Biocatalyzer preparation with hydrocolloids used in food industry

MAMMARELLA, ENRIQUE J; CASTELAO, ENRIQUE L.; CARRARA, CARLOS R; RUBIOLO, AMELIA C

Mar del Plata, Buenos Aires, Argentina

Congreso; 5th. Latin American and 3rd. Ibero American Polymer Symposium; 1996

Universidad Nacional de Mar del Plata

The developments in biotechnology are applied in the food industries that use enzymes because of the immobi­lization allows to obtain a better processing system. The enzyme immobilization is useful when high activity and stability of the enzyme in the carrier are reached by simple methods. Moreover, the biocatalyzer production must be economical, versatile, reproducible, and easily implemented. These aspects with the chemical nature and kinetics of the catalyzed reaction, physical and chemical stability of reactants, cost and purity of the desired product, and other important factors are taking into account in the final selection of the procedure. Considering that in food processing, catalyzed reac­tions are produced by enzyme in a medium with possibil­ity of microbial contamination which involve substrates and products of small sizes mixed with other macromole­cules, the entrapment method is appropriate (Bales, 1994).

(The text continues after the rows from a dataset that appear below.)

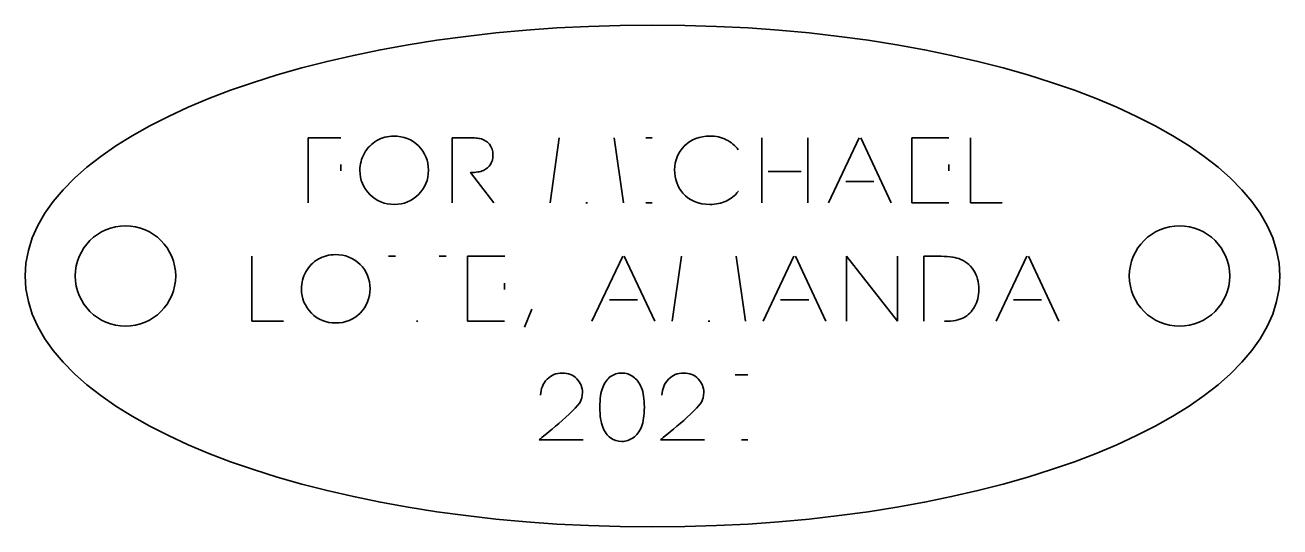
# Model space of a CAD drawing. Header units: inches. Extents: x 0.38 to 1.62, y 0.75 to 1.25.
import ezdxf

# ---------------------------------------------------------------- set-up
doc = ezdxf.new("R2010")
doc.units = ezdxf.units.IN
doc.header["$MEASUREMENT"] = 0
doc.layers.add('Layer 1', color=7, linetype='Continuous', lineweight=0)

# ---------------------------------------------------------------- blocks, each defined once
blk = doc.blocks.new('Block_0')
at = {"layer": 'Layer 1', "color": 1, "lineweight": 35, "true_color": 0xff0000}
blk.add_lwpolyline([(0.6571, 1.0729)], dxfattribs=at)
for points in [[(0.6571, 1.1378), (0.6571, 1.1378), (0.6896, 1.1378), (0.6896, 1.1378)], [(0.6896, 1.1111), (0.6896, 1.1111), (0.6896, 1.1047), (0.6896, 1.1047)]]:
    blk.add_open_spline(points, degree=3, dxfattribs=at)
blk = doc.blocks.new('Block_1')
at = {"layer": 'Layer 1', "color": 1, "lineweight": 35, "true_color": 0xff0000}
blk.add_lwpolyline([(0.8006, 1.0729)], dxfattribs=at)
blk.add_open_spline([(0.8006, 1.1378), (0.8006, 1.1378), (0.8135, 1.1378), (0.8135, 1.1378), (0.8135, 1.1378), (0.8135, 1.1378), (0.8135, 1.1378), (0.8207, 1.1378), (0.8256, 1.1375), (0.8281, 1.1369), (0.8281, 1.1369), (0.8281, 1.1369), (0.8281, 1.1369), (0.8281, 1.1369), (0.8281, 1.1369), (0.8281, 1.1369), (0.832, 1.136), (0.8351, 1.1341), (0.8375, 1.1312), (0.8375, 1.1312), (0.8375, 1.1312), (0.8375, 1.1312), (0.8375, 1.1312), (0.8375, 1.1312), (0.8375, 1.1312), (0.8399, 1.1283), (0.8411, 1.1248), (0.8411, 1.1205), (0.8411, 1.1205), (0.8411, 1.1205), (0.8411, 1.1205), (0.8411, 1.1205), (0.8411, 1.1205), (0.8411, 1.1205), (0.8411, 1.117), (0.8403, 1.1139), (0.8386, 1.1112), (0.8386, 1.1112), (0.8386, 1.1112), (0.8386, 1.1112), (0.8386, 1.1112), (0.8386, 1.1112), (0.8386, 1.1112), (0.837, 1.1085), (0.8346, 1.1065), (0.8315, 1.1052), (0.8315, 1.1052), (0.8315, 1.1052), (0.8315, 1.1052), (0.8315, 1.1052), (0.8315, 1.1052), (0.8315, 1.1052), (0.8284, 1.1038), (0.8242, 1.1031), (0.8187, 1.1031), (0.8187, 1.1031), (0.8187, 1.1031), (0.8187, 1.1031), (0.8187, 1.1031), (0.842, 1.0729), (0.842, 1.0729)], degree=3, knots=[0, 0, 0, 0, 1, 1, 1, 2, 2, 2, 3, 3, 3, 4, 4, 4, 5, 5, 5, 6, 6, 6, 7, 7, 7, 8, 8, 8, 9, 9, 9, 10, 10, 10, 11, 11, 11, 12, 12, 12, 13, 13, 13, 14, 14, 14, 15, 15, 15, 16, 16, 16, 17, 17, 17, 18, 18, 18, 19, 19, 19, 20, 20, 20, 20], dxfattribs=at)
blk = doc.blocks.new('Block_2')
at = {"layer": 'Layer 1', "color": 1, "lineweight": 35, "true_color": 0xff0000}
for points in [[(0.8979, 1.0729), (0.8979, 1.0729), (0.9071, 1.1378), (0.9071, 1.1378)], [(0.9617, 1.1378), (0.9617, 1.1378), (0.971, 1.0729), (0.971, 1.0729)], [(0.9353, 1.0729), (0.9353, 1.0729), (0.9337, 1.0729), (0.9337, 1.0729)]]:
    blk.add_open_spline(points, degree=3, dxfattribs=at)
blk = doc.blocks.new('Block_3')
at = {"layer": 'Layer 1', "color": 1, "lineweight": 35, "true_color": 0xff0000}
for points in [[(0.9933, 1.1378), (0.9933, 1.1378), (0.9998, 1.1378), (0.9998, 1.1378)], [(0.9998, 1.0729), (0.9998, 1.0729), (0.9933, 1.0729), (0.9933, 1.0729)]]:
    blk.add_open_spline(points, degree=3, dxfattribs=at)
blk = doc.blocks.new('Block_4')
at = {"layer": 'Layer 1', "color": 1, "lineweight": 35, "true_color": 0xff0000}
blk.add_lwpolyline([(1.0854, 1.1257)], dxfattribs=at)
blk.add_open_spline([(1.0854, 1.0842), (1.0854, 1.0842), (1.0854, 1.0842), (1.0854, 1.0842), (1.0822, 1.0801), (1.0782, 1.0769), (1.0733, 1.0747), (1.0733, 1.0747), (1.0733, 1.0747), (1.0733, 1.0747), (1.0733, 1.0747), (1.0733, 1.0747), (1.0733, 1.0747), (1.0685, 1.0724), (1.0631, 1.0713), (1.0571, 1.0713), (1.0571, 1.0713), (1.0571, 1.0713), (1.0571, 1.0713), (1.0571, 1.0713), (1.0571, 1.0713), (1.0571, 1.0713), (1.0458, 1.0713), (1.0368, 1.0751), (1.0303, 1.0826), (1.0303, 1.0826), (1.0303, 1.0826), (1.0303, 1.0826), (1.0303, 1.0826), (1.0303, 1.0826), (1.0303, 1.0826), (1.0248, 1.089), (1.022, 1.0967), (1.022, 1.1057), (1.022, 1.1057), (1.022, 1.1057), (1.022, 1.1057), (1.022, 1.1057), (1.022, 1.1057), (1.022, 1.1057), (1.022, 1.1152), (1.0254, 1.1232), (1.032, 1.1297), (1.032, 1.1297), (1.032, 1.1297), (1.032, 1.1297), (1.032, 1.1297), (1.032, 1.1297), (1.032, 1.1297), (1.0387, 1.1362), (1.047, 1.1394), (1.057, 1.1394), (1.057, 1.1394), (1.057, 1.1394), (1.057, 1.1394), (1.057, 1.1394), (1.057, 1.1394), (1.057, 1.1394), (1.0631, 1.1394), (1.0686, 1.1382), (1.0734, 1.1358), (1.0734, 1.1358), (1.0734, 1.1358), (1.0734, 1.1358), (1.0734, 1.1358), (1.0734, 1.1358), (1.0734, 1.1358), (1.0783, 1.1334), (1.0823, 1.13), (1.0854, 1.1257)], degree=3, knots=[0, 0, 0, 0, 1, 1, 1, 2, 2, 2, 3, 3, 3, 4, 4, 4, 5, 5, 5, 6, 6, 6, 7, 7, 7, 8, 8, 8, 9, 9, 9, 10, 10, 10, 11, 11, 11, 12, 12, 12, 13, 13, 13, 14, 14, 14, 15, 15, 15, 16, 16, 16, 17, 17, 17, 18, 18, 18, 19, 19, 19, 20, 20, 20, 21, 21, 21, 22, 22, 22, 23, 23, 23, 23], dxfattribs=at)
blk = doc.blocks.new('Block_5')
at = {"layer": 'Layer 1', "color": 1, "lineweight": 35, "true_color": 0xff0000}
for points in [[(1.1088, 1.1378)], [(1.1088, 1.0729)]]:
    blk.add_lwpolyline(points, dxfattribs=at)
for points in [[(1.1548, 1.1378), (1.1548, 1.1378), (1.1548, 1.0729), (1.1548, 1.0729)], [(1.1482, 1.1042), (1.1482, 1.1042), (1.1153, 1.1042), (1.1153, 1.1042)]]:
    blk.add_open_spline(points, degree=3, dxfattribs=at)
blk = doc.blocks.new('Block_6')
at = {"layer": 'Layer 1', "color": 1, "lineweight": 35, "true_color": 0xff0000}
for points in [[(1.1752, 1.0729), (1.1752, 1.0729), (1.2058, 1.1378), (1.2058, 1.1378)], [(1.2074, 1.1378), (1.2074, 1.1378), (1.2377, 1.0729), (1.2377, 1.0729)], [(1.2205, 1.0943), (1.2205, 1.0943), (1.1926, 1.0943), (1.1926, 1.0943)]]:
    blk.add_open_spline(points, degree=3, dxfattribs=at)
blk = doc.blocks.new('Block_7')
at = {"layer": 'Layer 1', "color": 1, "lineweight": 35, "true_color": 0xff0000}
for points in [[(1.2582, 1.1378), (1.2582, 1.1378), (1.2953, 1.1378), (1.2953, 1.1378)], [(1.2951, 1.1111), (1.2951, 1.1111), (1.2951, 1.1047), (1.2951, 1.1047)], [(1.2951, 1.0729), (1.2951, 1.0729), (1.2582, 1.0729), (1.2582, 1.0729)]]:
    blk.add_open_spline(points, degree=3, dxfattribs=at)
blk = doc.blocks.new('Block_8')
at = {"layer": 'Layer 1', "color": 1, "lineweight": 35, "true_color": 0xff0000}
blk.add_lwpolyline([(1.3169, 1.1378)], dxfattribs=at)
blk.add_open_spline([(1.3484, 1.0729), (1.3484, 1.0729), (1.3169, 1.0729), (1.3169, 1.0729)], degree=3, dxfattribs=at)
blk = doc.blocks.new('Block_9')
at = {"layer": 'Layer 1', "color": 1, "lineweight": 35, "true_color": 0xff0000}
blk.add_lwpolyline([(0.601, 1.0197)], dxfattribs=at)
blk.add_open_spline([(0.6324, 0.9549), (0.6324, 0.9549), (0.601, 0.9549), (0.601, 0.9549)], degree=3, dxfattribs=at)
blk = doc.blocks.new('Block_10')
at = {"layer": 'Layer 1', "color": 1, "lineweight": 35, "true_color": 0xff0000}
blk.add_lwpolyline([(0.7656, 0.9696)], dxfattribs=at)
for points in [[(0.7371, 1.0197), (0.7371, 1.0197), (0.7441, 1.0197), (0.7441, 1.0197)], [(0.7874, 1.0197), (0.7874, 1.0197), (0.7945, 1.0197), (0.7945, 1.0197)], [(0.7663, 0.9549), (0.7663, 0.9549), (0.7649, 0.9549), (0.7649, 0.9549)]]:
    blk.add_open_spline(points, degree=3, dxfattribs=at)
blk = doc.blocks.new('Block_11')
at = {"layer": 'Layer 1', "color": 1, "lineweight": 35, "true_color": 0xff0000}
for points in [[(0.8158, 1.0197), (0.8158, 1.0197), (0.853, 1.0197), (0.853, 1.0197)], [(0.8527, 0.993), (0.8527, 0.993), (0.8527, 0.9867), (0.8527, 0.9867)], [(0.8527, 0.9549), (0.8527, 0.9549), (0.8158, 0.9549), (0.8158, 0.9549)]]:
    blk.add_open_spline(points, degree=3, dxfattribs=at)
blk = doc.blocks.new('Block_12')
at = {"layer": 'Layer 1', "color": 1, "lineweight": 35, "true_color": 0xff0000}
for points in [[(0.8797, 0.9668)], [(0.8724, 0.9491)]]:
    blk.add_lwpolyline(points, dxfattribs=at)
blk = doc.blocks.new('Block_13')
at = {"layer": 'Layer 1', "color": 1, "lineweight": 35, "true_color": 0xff0000}
for points in [[(0.9397, 0.9549), (0.9397, 0.9549), (0.9703, 1.0197), (0.9703, 1.0197)], [(0.9719, 1.0197), (0.9719, 1.0197), (1.0022, 0.9549), (1.0022, 0.9549)], [(0.985, 0.9762), (0.985, 0.9762), (0.9571, 0.9762), (0.9571, 0.9762)]]:
    blk.add_open_spline(points, degree=3, dxfattribs=at)
blk = doc.blocks.new('Block_14')
at = {"layer": 'Layer 1', "color": 1, "lineweight": 35, "true_color": 0xff0000}
for points in [[(1.0197, 0.9549), (1.0197, 0.9549), (1.0289, 1.0197), (1.0289, 1.0197)], [(1.0835, 1.0197), (1.0835, 1.0197), (1.0928, 0.9549), (1.0928, 0.9549)], [(1.0571, 0.9549), (1.0571, 0.9549), (1.0555, 0.9549), (1.0555, 0.9549)]]:
    blk.add_open_spline(points, degree=3, dxfattribs=at)
blk = doc.blocks.new('Block_15')
at = {"layer": 'Layer 1', "color": 1, "lineweight": 35, "true_color": 0xff0000}
for points in [[(1.1103, 0.9549), (1.1103, 0.9549), (1.1409, 1.0197), (1.1409, 1.0197)], [(1.1425, 1.0197), (1.1425, 1.0197), (1.1727, 0.9549), (1.1727, 0.9549)], [(1.1556, 0.9762), (1.1556, 0.9762), (1.1276, 0.9762), (1.1276, 0.9762)]]:
    blk.add_open_spline(points, degree=3, dxfattribs=at)
blk = doc.blocks.new('Block_16')
at = {"layer": 'Layer 1', "color": 1, "lineweight": 35, "true_color": 0xff0000}
for points in [[(1.1933, 0.9549), (1.1933, 0.9549), (1.1933, 1.0197), (1.1933, 1.0197)], [(1.2442, 1.0197), (1.2442, 1.0197), (1.2442, 0.9549), (1.2442, 0.9549)]]:
    blk.add_open_spline(points, degree=3, dxfattribs=at)
blk = doc.blocks.new('Block_17')
at = {"layer": 'Layer 1', "color": 1, "lineweight": 35, "true_color": 0xff0000}
for points in [[(1.3423, 0.9549), (1.3423, 0.9549), (1.3729, 1.0197), (1.3729, 1.0197)], [(1.3745, 1.0197), (1.3745, 1.0197), (1.4047, 0.9549), (1.4047, 0.9549)], [(1.3876, 0.9762), (1.3876, 0.9762), (1.3596, 0.9762), (1.3596, 0.9762)]]:
    blk.add_open_spline(points, degree=3, dxfattribs=at)
blk = doc.blocks.new('Block_18')
at = {"layer": 'Layer 1', "color": 1, "lineweight": 35, "true_color": 0xff0000}
for points in [[(0.9118, 0.8636)], [(0.9172, 0.8605)]]:
    blk.add_lwpolyline(points, dxfattribs=at)
blk.add_open_spline([(0.8885, 0.8813), (0.8885, 0.8813), (0.8885, 0.8813), (0.8885, 0.8813), (0.8887, 0.8877), (0.8909, 0.893), (0.895, 0.8971), (0.895, 0.8971), (0.895, 0.8971), (0.895, 0.8971), (0.895, 0.8971), (0.895, 0.8971), (0.895, 0.8971), (0.8991, 0.9012), (0.9041, 0.9033), (0.9101, 0.9033), (0.9101, 0.9033), (0.9101, 0.9033), (0.9101, 0.9033), (0.9101, 0.9033), (0.9101, 0.9033), (0.9101, 0.9033), (0.9161, 0.9033), (0.9209, 0.9014), (0.9246, 0.8975), (0.9246, 0.8975), (0.9246, 0.8975), (0.9246, 0.8975), (0.9246, 0.8975), (0.9246, 0.8975), (0.9246, 0.8975), (0.9283, 0.8937), (0.9302, 0.8891), (0.9302, 0.8839), (0.9302, 0.8839), (0.9302, 0.8839), (0.9302, 0.8839), (0.9302, 0.8839), (0.9302, 0.8839), (0.9302, 0.8839), (0.9302, 0.8802), (0.9293, 0.8768), (0.9275, 0.8735), (0.9275, 0.8735), (0.9275, 0.8735), (0.9275, 0.8735), (0.9275, 0.8735), (0.9275, 0.8735), (0.9275, 0.8735)], degree=3, knots=[0, 0, 0, 0, 1, 1, 1, 2, 2, 2, 3, 3, 3, 4, 4, 4, 5, 5, 5, 6, 6, 6, 7, 7, 7, 8, 8, 8, 9, 9, 9, 10, 10, 10, 11, 11, 11, 12, 12, 12, 13, 13, 13, 14, 14, 14, 15, 15, 15, 16, 16, 16, 16], dxfattribs=at)
blk.add_open_spline([(0.931, 0.8368), (0.931, 0.8368), (0.887, 0.8368), (0.887, 0.8368)], degree=3, dxfattribs=at)
blk = doc.blocks.new('Block_19')
at = {"layer": 'Layer 1', "color": 1, "lineweight": 35, "true_color": 0xff0000}
for points in [[(1.0327, 0.8636)], [(1.0381, 0.8605)]]:
    blk.add_lwpolyline(points, dxfattribs=at)
blk.add_open_spline([(1.0094, 0.8813), (1.0094, 0.8813), (1.0094, 0.8813), (1.0094, 0.8813), (1.0096, 0.8877), (1.0118, 0.893), (1.0159, 0.8971), (1.0159, 0.8971), (1.0159, 0.8971), (1.0159, 0.8971), (1.0159, 0.8971), (1.0159, 0.8971), (1.0159, 0.8971), (1.02, 0.9012), (1.025, 0.9033), (1.031, 0.9033), (1.031, 0.9033), (1.031, 0.9033), (1.031, 0.9033), (1.031, 0.9033), (1.031, 0.9033), (1.031, 0.9033), (1.037, 0.9033), (1.0418, 0.9014), (1.0455, 0.8975), (1.0455, 0.8975), (1.0455, 0.8975), (1.0455, 0.8975), (1.0455, 0.8975), (1.0455, 0.8975), (1.0455, 0.8975), (1.0492, 0.8937), (1.0511, 0.8891), (1.0511, 0.8839), (1.0511, 0.8839), (1.0511, 0.8839), (1.0511, 0.8839), (1.0511, 0.8839), (1.0511, 0.8839), (1.0511, 0.8839), (1.0511, 0.8802), (1.0502, 0.8768), (1.0484, 0.8735), (1.0484, 0.8735), (1.0484, 0.8735), (1.0484, 0.8735), (1.0484, 0.8735), (1.0484, 0.8735), (1.0484, 0.8735)], degree=3, knots=[0, 0, 0, 0, 1, 1, 1, 2, 2, 2, 3, 3, 3, 4, 4, 4, 5, 5, 5, 6, 6, 6, 7, 7, 7, 8, 8, 8, 9, 9, 9, 10, 10, 10, 11, 11, 11, 12, 12, 12, 13, 13, 13, 14, 14, 14, 15, 15, 15, 16, 16, 16, 16], dxfattribs=at)
blk.add_open_spline([(1.0519, 0.8368), (1.0519, 0.8368), (1.0079, 0.8368), (1.0079, 0.8368)], degree=3, dxfattribs=at)
blk = doc.blocks.new('Block_20')
at = {"layer": 'Layer 1', "color": 1, "lineweight": 35, "true_color": 0xff0000}
for points in [[(1.0824, 0.9016), (1.0824, 0.9016), (1.0951, 0.9016), (1.0951, 0.9016)], [(1.0951, 0.8368), (1.0951, 0.8368), (1.0887, 0.8368), (1.0887, 0.8368)]]:
    blk.add_open_spline(points, degree=3, dxfattribs=at)

msp = doc.modelspace()

# ---------------------------------------------------------------- linework, layer by layer
at = {"layer": 'Layer 1', "color": 1, "lineweight": 35, "true_color": 0xff0000}
for p, q in [((0.6571, 1.1378), (0.6571, 1.0729)), ((0.8006, 1.0729), (0.8006, 1.1378)), ((1.1088, 1.1378), (1.1088, 1.0729)), ((1.2582, 1.1378), (1.2582, 1.0729)), ((1.3169, 1.0729), (1.3169, 1.1378)), ((0.601, 0.9549), (0.601, 1.0197)), ((0.8158, 0.9549), (0.8158, 1.0197)), ((1.2442, 0.9549), (1.1933, 1.0197)), ((0.8797, 0.9668), (0.8724, 0.9491))]:
    msp.add_line(p, q, dxfattribs=at)
for points in [[(0.9933, 1.1378)], [(0.9933, 1.0729)], [(1, 0.9861)], [(1, 0.9861)]]:
    msp.add_lwpolyline(points, dxfattribs=at)
at = {"layer": 'Layer 1', "color": 18, "lineweight": 35, "true_color": 0x000000}
for points in [[(0.375, 1), (0.375, 1.1381), (0.6548, 1.25), (1, 1.25), (1.3452, 1.25), (1.625, 1.1381), (1.625, 1), (1.625, 0.8619), (1.3452, 0.75), (1, 0.75), (0.6548, 0.75), (0.375, 0.8619), (0.375, 1)], [(0.375, 1), (0.375, 1.1381), (0.6548, 1.25), (1, 1.25), (1.3452, 1.25), (1.625, 1.1381), (1.625, 1), (1.625, 0.8619), (1.3452, 0.75), (1, 0.75), (0.6548, 0.75), (0.375, 0.8619), (0.375, 1)], [(0.425, 1), (0.425, 1.0276), (0.4474, 1.05), (0.475, 1.05), (0.5026, 1.05), (0.525, 1.0276), (0.525, 1), (0.525, 0.9724), (0.5026, 0.95), (0.475, 0.95), (0.4474, 0.95), (0.425, 0.9724), (0.425, 1)], [(1.475, 1), (1.475, 1.0276), (1.4974, 1.05), (1.525, 1.05), (1.5526, 1.05), (1.575, 1.0276), (1.575, 1), (1.575, 0.9724), (1.5526, 0.95), (1.525, 0.95), (1.4974, 0.95), (1.475, 0.9724), (1.475, 1)]]:
    msp.add_open_spline(points, degree=3, knots=[0, 0, 0, 0, 1, 1, 1, 2, 2, 2, 3, 3, 3, 4, 4, 4, 4], dxfattribs=at)
at = {"layer": 'Layer 1', "color": 1, "lineweight": 35, "true_color": 0xff0000}
for points, knots in [([(0.7422, 1.1394), (0.7422, 1.1394), (0.7422, 1.1394), (0.7422, 1.1394), (0.752, 1.1394), (0.7603, 1.1361), (0.7669, 1.1296), (0.7669, 1.1296), (0.7669, 1.1296), (0.7669, 1.1296), (0.7669, 1.1296), (0.7669, 1.1296), (0.7669, 1.1296), (0.7735, 1.123), (0.7768, 1.1149), (0.7768, 1.1054), (0.7768, 1.1054), (0.7768, 1.1054), (0.7768, 1.1054), (0.7768, 1.1054), (0.7768, 1.1054), (0.7768, 1.1054), (0.7768, 1.0959), (0.7735, 1.0878), (0.7669, 1.0812), (0.7669, 1.0812), (0.7669, 1.0812), (0.7669, 1.0812), (0.7669, 1.0812), (0.7669, 1.0812), (0.7669, 1.0812), (0.7603, 1.0746), (0.7522, 1.0713), (0.7428, 1.0713), (0.7428, 1.0713), (0.7428, 1.0713), (0.7428, 1.0713), (0.7428, 1.0713), (0.7428, 1.0713), (0.7428, 1.0713), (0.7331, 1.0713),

In this technique, the enzyme is entrapped in gels, micro-capsules, fibers, films or membranes. Sodium alginate and k-carrageenan, two polysaccharides present in seaweed, are substances very usually employed in matrix preparations due to the facility to form gels in presence of cations (Anon.,1988) and the possibility to be used in the foods since they are accepted as additive by the Food and Drug Administration regulations. However, the disadvantage of these compounds are their mechani­cal property variations which are modified with the gel structure obtained (Glicksman, 1983). The combination of this hydrocolloids allows to incorporate different cations in the biocatalyzer produc­ing different effects on the enzymes. In general, the Ca++, necessary to form the alginate matrix, is an enzyme inhibitor, while the K+ (Becker and Evans,1969) that produces the carrageenan gel structure, is an enzyme activator which reduces the negative action of Ca++ (Mammarella et al., 1991). The propose of this work was to study the size evolu­tion and the carrier strength with different concentrations of hydrocolloid solutions employed to obtain biocatalyzer beads. Through a statistic technique (Box and Wilson, 1951), the effects of each compound and the combinations of these substances to use in a carrier were determined.A biocatalyzer matrix with appropriate mechanical properties during a reasonable work period for the food industry was defined.